- Material provided

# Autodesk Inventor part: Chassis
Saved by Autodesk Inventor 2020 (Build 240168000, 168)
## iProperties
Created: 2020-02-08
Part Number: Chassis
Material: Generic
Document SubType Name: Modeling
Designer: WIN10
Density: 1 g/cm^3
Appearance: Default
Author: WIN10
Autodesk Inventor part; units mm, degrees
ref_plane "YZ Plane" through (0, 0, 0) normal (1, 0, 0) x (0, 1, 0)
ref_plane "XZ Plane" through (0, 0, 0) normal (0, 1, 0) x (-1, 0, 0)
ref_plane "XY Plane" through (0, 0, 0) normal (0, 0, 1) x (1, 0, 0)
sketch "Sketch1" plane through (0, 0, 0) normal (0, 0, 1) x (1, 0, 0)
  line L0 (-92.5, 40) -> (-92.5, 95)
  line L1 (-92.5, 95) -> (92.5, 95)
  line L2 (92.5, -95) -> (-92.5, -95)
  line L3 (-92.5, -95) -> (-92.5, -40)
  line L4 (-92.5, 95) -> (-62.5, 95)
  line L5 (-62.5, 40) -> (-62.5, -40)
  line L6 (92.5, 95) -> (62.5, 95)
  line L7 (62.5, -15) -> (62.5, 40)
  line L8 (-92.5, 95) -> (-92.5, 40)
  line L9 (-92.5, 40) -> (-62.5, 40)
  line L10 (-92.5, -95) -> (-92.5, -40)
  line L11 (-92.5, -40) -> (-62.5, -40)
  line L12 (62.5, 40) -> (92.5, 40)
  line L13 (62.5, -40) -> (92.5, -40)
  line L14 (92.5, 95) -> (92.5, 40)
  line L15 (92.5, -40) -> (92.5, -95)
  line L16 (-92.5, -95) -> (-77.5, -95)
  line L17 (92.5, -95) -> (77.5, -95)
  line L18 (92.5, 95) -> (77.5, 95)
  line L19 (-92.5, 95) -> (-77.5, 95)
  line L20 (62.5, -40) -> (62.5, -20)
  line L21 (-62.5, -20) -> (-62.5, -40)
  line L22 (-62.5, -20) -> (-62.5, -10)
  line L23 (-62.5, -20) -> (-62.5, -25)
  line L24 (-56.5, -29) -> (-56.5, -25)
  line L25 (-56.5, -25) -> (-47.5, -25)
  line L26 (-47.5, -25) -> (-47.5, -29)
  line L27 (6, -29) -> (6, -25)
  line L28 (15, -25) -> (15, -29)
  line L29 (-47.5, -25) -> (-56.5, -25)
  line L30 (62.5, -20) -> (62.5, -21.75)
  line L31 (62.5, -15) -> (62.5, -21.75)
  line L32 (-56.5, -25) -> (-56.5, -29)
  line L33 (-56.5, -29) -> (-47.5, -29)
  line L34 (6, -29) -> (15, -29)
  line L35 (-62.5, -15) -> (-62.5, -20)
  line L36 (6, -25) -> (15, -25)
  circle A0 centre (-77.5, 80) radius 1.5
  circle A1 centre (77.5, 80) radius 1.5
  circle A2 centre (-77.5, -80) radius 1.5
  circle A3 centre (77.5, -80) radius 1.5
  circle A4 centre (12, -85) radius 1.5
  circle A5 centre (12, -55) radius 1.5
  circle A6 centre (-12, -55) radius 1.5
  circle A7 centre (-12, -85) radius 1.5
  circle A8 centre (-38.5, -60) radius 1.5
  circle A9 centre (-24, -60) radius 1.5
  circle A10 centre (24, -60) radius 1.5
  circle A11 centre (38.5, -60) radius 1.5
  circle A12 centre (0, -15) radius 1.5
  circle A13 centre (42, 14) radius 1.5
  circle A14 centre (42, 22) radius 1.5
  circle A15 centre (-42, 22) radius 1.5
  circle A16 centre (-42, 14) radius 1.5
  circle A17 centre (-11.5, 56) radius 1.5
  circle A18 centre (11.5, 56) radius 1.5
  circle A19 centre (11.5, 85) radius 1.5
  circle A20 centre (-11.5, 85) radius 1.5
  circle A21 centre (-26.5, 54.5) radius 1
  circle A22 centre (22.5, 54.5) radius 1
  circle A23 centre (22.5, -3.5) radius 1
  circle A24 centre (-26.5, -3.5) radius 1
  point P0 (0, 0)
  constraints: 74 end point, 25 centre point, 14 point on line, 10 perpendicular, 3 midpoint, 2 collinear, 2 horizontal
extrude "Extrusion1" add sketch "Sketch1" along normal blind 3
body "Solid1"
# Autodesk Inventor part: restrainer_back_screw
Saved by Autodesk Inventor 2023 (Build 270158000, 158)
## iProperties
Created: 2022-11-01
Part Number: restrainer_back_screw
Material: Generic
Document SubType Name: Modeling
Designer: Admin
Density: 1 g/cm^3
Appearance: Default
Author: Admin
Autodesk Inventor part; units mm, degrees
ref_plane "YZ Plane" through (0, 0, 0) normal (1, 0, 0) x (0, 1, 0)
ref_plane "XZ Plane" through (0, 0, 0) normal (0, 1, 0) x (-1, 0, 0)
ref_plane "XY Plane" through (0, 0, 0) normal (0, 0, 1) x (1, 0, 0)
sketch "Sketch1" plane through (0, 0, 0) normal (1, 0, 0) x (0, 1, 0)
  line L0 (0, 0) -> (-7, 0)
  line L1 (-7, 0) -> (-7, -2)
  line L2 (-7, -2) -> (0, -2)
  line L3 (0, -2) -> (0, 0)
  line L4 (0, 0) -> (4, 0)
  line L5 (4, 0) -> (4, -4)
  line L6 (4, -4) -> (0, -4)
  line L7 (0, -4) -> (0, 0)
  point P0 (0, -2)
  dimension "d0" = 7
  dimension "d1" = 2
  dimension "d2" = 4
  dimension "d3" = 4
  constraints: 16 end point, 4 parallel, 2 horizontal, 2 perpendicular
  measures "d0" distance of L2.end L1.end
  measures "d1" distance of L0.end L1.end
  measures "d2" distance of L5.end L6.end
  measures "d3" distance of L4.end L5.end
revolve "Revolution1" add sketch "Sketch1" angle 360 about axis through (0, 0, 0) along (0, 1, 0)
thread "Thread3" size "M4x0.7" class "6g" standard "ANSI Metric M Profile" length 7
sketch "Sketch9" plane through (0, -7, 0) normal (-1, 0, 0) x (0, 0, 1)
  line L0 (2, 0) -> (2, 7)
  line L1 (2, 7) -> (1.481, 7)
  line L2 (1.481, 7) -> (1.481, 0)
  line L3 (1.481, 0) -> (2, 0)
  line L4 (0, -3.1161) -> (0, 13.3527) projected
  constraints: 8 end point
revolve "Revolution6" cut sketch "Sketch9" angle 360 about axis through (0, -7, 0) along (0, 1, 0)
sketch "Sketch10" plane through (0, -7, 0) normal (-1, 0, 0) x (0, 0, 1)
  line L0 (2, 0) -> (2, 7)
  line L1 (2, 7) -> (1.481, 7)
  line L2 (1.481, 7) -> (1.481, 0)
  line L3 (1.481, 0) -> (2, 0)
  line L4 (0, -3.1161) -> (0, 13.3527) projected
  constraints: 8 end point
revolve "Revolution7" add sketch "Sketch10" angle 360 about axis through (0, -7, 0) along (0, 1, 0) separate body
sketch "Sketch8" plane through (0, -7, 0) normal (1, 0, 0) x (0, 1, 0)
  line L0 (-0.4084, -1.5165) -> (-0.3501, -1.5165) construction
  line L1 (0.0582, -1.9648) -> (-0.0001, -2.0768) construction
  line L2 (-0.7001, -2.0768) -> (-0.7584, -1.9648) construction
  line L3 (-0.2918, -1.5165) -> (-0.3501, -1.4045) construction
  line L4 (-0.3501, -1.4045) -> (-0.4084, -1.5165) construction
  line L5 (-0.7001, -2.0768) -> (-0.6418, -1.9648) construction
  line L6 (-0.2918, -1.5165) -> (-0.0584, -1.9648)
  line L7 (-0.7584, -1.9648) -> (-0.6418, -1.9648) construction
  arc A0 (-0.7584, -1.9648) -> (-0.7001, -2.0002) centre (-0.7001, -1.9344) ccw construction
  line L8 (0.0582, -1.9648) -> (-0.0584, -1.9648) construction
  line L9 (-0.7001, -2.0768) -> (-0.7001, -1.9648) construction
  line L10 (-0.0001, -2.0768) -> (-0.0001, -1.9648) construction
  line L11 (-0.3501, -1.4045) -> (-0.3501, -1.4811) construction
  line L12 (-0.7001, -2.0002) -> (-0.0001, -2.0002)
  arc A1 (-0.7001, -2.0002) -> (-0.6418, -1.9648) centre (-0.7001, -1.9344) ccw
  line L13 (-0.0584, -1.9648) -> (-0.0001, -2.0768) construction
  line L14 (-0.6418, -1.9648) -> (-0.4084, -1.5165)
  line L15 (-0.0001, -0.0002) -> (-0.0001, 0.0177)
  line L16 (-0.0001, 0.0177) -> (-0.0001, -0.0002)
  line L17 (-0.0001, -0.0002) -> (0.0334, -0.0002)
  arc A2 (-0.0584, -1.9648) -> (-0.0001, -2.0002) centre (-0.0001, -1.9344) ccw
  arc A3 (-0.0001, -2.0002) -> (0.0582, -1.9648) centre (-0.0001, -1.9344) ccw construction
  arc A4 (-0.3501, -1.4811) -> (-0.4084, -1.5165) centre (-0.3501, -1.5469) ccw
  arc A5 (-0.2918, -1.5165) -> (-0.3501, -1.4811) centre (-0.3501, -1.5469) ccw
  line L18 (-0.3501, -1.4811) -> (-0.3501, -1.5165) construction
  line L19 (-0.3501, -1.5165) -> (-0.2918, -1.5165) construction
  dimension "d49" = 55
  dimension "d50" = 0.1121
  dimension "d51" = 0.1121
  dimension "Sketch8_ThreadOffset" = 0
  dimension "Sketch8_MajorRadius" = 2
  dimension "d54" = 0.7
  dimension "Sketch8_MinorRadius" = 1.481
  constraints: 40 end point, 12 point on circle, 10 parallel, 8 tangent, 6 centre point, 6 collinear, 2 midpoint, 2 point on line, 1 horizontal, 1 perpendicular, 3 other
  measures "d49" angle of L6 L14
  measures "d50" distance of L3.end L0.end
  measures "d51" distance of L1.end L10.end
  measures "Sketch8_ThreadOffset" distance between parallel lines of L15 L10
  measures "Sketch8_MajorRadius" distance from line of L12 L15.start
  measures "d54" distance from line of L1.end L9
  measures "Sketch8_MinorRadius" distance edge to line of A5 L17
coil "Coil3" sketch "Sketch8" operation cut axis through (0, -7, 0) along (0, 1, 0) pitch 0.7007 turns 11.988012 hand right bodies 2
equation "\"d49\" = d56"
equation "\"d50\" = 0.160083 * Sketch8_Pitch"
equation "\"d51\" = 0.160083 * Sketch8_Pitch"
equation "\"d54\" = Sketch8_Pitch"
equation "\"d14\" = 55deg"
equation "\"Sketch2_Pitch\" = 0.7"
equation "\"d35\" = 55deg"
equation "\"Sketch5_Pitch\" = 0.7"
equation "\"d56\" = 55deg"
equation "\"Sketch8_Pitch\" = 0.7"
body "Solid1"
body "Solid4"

- What the task asks
Using the listing above, return word for word each line from the one that has "constraints: 16 end" through the one that has "of L4.end L5.end", and no line outside that range.

- Solution to this problem
  constraints: 16 end point, 4 parallel, 2 horizontal, 2 perpendicular
  measures "d0" distance of L2.end L1.end
  measures "d1" distance of L0.end L1.end
  measures "d2" distance of L5.end L6.end
  measures "d3" distance of L4.end L5.end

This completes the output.